# made the leap...



## roadandtrail (Oct 4, 2007)

....but I have one issue. I'm climbing along a steep hill in the easiest gear. I mistakenly go for one last downshift but I have no more gears left. Instead of simply not allowing the shift (ala dura-ace) the dtap shifters now upshift me one gear. :cryin:


----------



## skaruda_23 (May 8, 2009)

roadandtrail said:


> ....but I have one issue. I'm climbing along a steep hill in the easiest gear. I mistakenly go for one last downshift but I have no more gears left. Instead of simply not allowing the shift (ala dura-ace) the dtap shifters now upshift me one gear. :cryin:


Roadandtrail, I had the same problem so I know exactly what you mean. It's actually easily fixed. Robdamanii suggested this solution to me and I had it fixed within about a minute:

"Limit. You need the inner limit screw to allow just a hair more movement than you'd think. It allows for a "false shift" on the shifter that leaves the chain on the big sprocket."

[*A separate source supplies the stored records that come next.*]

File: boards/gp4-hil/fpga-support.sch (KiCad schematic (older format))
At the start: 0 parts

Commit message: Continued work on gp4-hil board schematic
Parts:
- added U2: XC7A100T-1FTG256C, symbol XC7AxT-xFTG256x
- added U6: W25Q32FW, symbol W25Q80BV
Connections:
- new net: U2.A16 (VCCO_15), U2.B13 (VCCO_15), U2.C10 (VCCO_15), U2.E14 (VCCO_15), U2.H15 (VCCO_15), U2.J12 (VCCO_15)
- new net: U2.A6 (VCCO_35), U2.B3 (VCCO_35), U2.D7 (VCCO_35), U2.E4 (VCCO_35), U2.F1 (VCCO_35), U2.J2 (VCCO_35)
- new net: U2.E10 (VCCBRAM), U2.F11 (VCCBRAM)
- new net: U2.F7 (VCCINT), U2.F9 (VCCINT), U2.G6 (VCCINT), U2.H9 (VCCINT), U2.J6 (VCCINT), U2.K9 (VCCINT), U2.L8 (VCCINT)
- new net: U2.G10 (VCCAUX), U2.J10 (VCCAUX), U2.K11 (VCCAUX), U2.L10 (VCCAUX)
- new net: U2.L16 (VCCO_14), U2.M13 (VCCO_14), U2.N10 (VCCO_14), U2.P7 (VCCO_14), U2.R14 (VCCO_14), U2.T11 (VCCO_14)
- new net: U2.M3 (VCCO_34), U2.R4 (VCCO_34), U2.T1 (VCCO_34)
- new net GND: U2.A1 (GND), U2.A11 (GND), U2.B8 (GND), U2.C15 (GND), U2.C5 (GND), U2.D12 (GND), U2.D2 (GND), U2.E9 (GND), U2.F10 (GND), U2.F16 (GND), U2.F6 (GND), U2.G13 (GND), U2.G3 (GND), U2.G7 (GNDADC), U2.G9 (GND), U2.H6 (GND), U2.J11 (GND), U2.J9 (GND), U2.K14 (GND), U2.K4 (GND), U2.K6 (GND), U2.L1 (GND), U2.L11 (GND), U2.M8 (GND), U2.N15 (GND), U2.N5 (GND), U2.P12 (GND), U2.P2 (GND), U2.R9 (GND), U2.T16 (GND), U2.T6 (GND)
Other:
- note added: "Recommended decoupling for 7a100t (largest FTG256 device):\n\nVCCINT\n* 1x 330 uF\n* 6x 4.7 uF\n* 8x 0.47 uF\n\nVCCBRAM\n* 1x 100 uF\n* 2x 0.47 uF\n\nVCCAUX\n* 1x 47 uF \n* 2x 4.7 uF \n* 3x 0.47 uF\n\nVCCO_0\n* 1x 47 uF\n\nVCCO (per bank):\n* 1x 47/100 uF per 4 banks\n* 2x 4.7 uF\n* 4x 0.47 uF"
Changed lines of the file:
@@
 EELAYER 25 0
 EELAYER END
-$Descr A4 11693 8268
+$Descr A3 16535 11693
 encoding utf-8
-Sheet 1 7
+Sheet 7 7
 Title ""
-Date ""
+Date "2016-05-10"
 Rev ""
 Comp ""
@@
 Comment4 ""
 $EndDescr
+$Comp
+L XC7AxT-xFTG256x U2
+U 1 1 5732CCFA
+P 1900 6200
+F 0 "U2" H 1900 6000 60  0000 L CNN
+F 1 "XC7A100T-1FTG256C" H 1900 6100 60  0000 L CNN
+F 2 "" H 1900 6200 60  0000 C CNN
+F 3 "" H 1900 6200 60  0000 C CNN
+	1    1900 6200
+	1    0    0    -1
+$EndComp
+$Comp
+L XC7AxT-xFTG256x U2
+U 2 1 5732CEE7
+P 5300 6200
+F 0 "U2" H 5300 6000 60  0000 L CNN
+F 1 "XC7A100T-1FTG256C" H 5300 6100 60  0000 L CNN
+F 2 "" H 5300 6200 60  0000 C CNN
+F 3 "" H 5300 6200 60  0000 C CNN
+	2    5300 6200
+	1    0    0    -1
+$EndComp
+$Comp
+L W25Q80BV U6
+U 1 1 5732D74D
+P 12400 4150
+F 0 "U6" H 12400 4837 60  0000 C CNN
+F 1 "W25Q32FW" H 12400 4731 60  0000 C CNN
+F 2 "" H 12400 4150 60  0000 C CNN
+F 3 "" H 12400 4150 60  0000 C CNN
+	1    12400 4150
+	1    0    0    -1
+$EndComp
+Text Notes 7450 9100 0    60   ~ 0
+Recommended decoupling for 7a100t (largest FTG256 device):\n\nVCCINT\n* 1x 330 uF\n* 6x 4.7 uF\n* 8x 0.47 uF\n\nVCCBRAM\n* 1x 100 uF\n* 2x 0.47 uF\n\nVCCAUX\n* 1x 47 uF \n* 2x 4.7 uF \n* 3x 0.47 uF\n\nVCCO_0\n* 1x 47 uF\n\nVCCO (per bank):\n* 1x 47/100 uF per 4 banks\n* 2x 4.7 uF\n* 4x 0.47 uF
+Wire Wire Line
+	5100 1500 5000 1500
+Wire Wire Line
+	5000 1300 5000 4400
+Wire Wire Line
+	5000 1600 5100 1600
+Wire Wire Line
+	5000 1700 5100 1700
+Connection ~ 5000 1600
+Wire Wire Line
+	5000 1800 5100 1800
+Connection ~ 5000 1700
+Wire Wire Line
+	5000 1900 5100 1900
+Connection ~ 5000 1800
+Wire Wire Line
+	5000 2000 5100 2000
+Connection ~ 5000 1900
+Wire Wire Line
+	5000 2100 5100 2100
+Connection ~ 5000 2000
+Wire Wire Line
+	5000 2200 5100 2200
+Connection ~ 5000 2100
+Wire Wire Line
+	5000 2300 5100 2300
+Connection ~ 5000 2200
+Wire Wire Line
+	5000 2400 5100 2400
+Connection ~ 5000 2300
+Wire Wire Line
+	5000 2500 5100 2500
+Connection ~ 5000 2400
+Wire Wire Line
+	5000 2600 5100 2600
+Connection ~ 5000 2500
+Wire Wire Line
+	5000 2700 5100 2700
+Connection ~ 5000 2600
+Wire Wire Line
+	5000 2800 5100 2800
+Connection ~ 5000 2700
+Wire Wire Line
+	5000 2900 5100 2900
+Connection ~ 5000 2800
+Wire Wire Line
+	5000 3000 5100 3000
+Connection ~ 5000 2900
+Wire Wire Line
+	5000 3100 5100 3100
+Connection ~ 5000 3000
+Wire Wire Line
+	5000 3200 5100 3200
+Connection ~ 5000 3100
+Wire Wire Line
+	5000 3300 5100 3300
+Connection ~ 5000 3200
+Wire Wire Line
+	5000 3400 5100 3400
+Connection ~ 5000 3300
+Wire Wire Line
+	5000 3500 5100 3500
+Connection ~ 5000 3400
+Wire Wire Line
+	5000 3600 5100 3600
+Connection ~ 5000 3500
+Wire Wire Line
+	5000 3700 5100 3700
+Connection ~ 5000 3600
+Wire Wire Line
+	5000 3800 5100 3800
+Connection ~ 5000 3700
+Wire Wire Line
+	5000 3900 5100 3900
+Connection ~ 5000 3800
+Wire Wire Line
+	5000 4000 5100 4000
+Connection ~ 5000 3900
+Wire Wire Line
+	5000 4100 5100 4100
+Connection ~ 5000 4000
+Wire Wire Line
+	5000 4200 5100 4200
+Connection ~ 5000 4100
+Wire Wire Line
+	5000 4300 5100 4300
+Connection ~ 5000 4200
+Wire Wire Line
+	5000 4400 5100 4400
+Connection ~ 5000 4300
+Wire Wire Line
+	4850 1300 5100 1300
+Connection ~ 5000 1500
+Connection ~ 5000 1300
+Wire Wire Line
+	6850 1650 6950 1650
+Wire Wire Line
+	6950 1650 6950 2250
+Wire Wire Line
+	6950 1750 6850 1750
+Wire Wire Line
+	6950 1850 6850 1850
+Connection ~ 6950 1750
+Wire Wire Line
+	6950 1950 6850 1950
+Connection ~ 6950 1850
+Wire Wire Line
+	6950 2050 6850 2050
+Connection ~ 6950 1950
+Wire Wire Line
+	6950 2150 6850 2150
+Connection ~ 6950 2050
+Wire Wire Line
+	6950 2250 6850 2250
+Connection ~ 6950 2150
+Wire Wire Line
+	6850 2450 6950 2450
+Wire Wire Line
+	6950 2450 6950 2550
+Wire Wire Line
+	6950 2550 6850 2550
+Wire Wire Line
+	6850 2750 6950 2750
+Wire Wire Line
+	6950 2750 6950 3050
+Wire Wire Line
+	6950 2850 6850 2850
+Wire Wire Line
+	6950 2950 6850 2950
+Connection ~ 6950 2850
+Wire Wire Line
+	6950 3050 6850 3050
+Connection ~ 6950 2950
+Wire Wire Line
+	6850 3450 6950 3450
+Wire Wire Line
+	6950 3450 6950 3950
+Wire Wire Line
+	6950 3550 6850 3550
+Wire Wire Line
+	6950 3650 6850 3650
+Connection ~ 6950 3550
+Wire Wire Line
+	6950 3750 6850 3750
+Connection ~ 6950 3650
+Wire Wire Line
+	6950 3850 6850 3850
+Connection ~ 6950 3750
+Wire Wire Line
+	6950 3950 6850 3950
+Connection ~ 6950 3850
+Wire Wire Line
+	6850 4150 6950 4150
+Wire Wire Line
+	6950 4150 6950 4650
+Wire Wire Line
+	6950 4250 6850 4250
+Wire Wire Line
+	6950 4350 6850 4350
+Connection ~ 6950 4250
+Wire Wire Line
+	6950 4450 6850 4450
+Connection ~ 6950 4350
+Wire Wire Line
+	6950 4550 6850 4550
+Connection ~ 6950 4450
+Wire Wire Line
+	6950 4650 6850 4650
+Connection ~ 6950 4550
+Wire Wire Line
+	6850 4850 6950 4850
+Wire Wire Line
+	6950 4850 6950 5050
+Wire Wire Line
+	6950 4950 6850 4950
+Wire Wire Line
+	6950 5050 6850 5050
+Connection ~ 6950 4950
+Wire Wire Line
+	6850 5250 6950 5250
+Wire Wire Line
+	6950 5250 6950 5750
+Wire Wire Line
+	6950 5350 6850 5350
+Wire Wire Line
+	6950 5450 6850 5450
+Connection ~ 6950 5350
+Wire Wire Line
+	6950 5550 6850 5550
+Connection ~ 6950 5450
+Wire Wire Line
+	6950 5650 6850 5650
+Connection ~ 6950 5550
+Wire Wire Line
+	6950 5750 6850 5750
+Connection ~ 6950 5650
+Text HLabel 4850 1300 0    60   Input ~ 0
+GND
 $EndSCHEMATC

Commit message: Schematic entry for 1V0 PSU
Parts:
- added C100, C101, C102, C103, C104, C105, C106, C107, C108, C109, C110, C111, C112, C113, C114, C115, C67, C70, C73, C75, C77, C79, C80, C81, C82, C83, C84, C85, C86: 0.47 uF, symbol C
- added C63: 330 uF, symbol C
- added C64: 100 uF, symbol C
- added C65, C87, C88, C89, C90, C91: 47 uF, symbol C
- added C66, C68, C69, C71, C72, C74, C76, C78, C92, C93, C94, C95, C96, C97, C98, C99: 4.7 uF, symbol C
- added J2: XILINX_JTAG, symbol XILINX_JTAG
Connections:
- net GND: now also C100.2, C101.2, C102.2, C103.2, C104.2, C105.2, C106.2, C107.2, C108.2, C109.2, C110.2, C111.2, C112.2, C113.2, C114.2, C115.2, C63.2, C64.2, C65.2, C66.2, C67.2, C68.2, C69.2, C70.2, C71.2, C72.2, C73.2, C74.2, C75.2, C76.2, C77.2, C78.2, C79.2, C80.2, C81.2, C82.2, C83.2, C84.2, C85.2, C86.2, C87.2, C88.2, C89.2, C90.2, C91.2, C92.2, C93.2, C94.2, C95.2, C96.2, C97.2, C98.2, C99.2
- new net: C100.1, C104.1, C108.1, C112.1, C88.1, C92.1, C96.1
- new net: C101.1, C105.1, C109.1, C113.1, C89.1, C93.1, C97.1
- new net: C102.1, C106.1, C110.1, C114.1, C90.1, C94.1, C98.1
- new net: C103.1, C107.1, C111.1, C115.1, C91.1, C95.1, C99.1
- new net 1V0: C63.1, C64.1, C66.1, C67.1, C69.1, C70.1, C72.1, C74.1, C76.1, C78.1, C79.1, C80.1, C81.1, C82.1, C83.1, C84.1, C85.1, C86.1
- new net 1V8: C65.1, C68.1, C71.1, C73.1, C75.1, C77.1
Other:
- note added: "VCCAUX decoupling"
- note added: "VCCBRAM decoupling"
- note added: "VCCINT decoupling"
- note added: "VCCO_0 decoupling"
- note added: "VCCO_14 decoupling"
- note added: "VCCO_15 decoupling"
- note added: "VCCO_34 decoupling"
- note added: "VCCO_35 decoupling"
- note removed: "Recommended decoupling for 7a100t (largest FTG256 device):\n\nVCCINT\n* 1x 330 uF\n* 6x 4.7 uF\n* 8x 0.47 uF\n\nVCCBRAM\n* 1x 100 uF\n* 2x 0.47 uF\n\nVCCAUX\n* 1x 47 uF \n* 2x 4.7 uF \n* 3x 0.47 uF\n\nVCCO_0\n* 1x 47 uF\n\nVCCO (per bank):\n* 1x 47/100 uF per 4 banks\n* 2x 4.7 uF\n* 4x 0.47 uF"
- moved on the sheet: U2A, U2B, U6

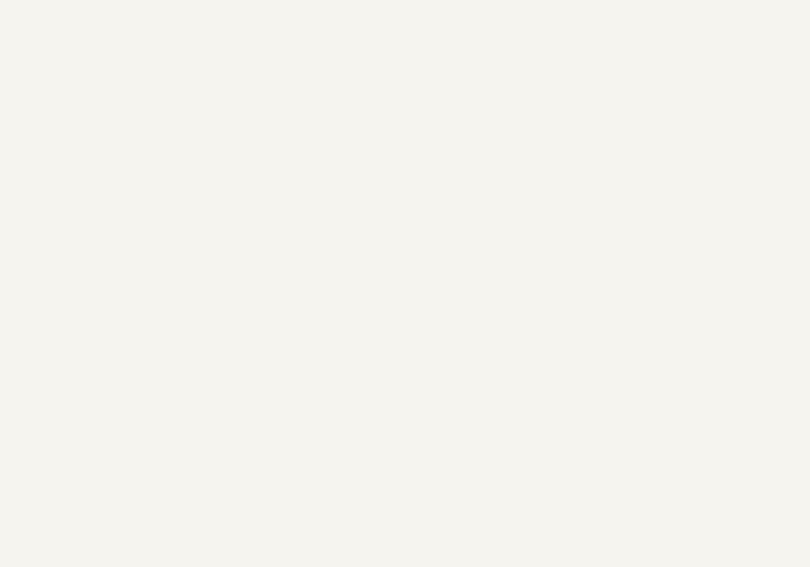
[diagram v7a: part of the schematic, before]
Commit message: Added load switches for DUT_VDDx rails
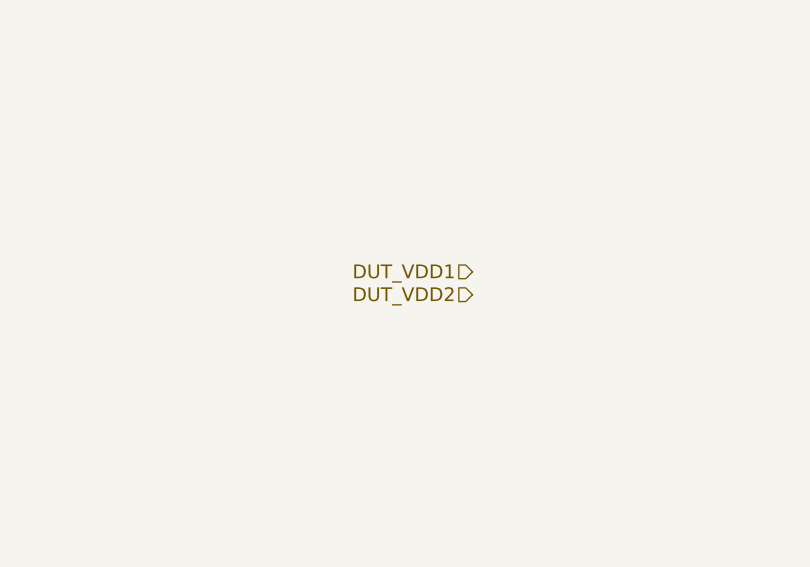
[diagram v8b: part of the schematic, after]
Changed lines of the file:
@@
 	1    0    0    -1
 $EndComp
+Text HLabel 13000 3750 0    60   Input ~ 0
+DUT_VDD1
+Text HLabel 13000 3850 0    60   Input ~ 0
+DUT_VDD2
 $EndSCHEMATC

Just adjust the lower screw by fractions of a turn and try downshifting in the biggest cog until you get a kind of "interrupted" downshift. It'll give a sharp click in the middle of its travel and snap back instead of engaging the pawl for an upshift.


----------



## ZoSoSwiM (Mar 7, 2008)

I found this out with my Force group as well. When I'm already in my easiest gear if I try to shift again the lever will push to the stop then relax. Still plenty far away from my spokes but doesn't screw me up.


----------



## aengbretson (Sep 17, 2009)

Yup, the above solution is correct. SRAM's low limit setup is slightly different from that of Shimano's to allow for this "false shift".


----------



## roadandtrail (Oct 4, 2007)

skaruda_23 said:


> Roadandtrail, I had the same problem so I know exactly what you mean. It's actually easily fixed. Robdamanii suggested this solution to me and I had it fixed within about a minute:
> 
> "Limit. You need the inner limit screw to allow just a hair more movement than you'd think. It allows for a "false shift" on the shifter that leaves the chain on the big sprocket."
> 
> Just adjust the lower screw by fractions of a turn and try downshifting in the biggest cog until you get a kind of "interrupted" downshift. It'll give a sharp click in the middle of its travel and snap back instead of engaging the pawl for an upshift.


great! thanks i'll try it!


----------



## robdamanii (Feb 13, 2006)

Indeed. It's a fine line of how far to draw out the low limit screw. Basically, you just want enough movement to allow the "false shift" to happen, and then you're gold.


----------



## Camilo (Jun 23, 2007)

Is this limit screw stuff in the official Sram installation/adjustment instructions?


----------



## roadandtrail (Oct 4, 2007)

worked like a charm! thanks again!


----------



## robdamanii (Feb 13, 2006)

Roadandtrail - absolutely.

Camilo - I'm not sure if it is or not. I'm not even sure if I still have the original installation manual, but I'm sure it can be found online to check.

Edit: just checked into the technical manuals online. Unless I missed something, they don't tell you to allow a touch of extra movement in the low limit screw.


----------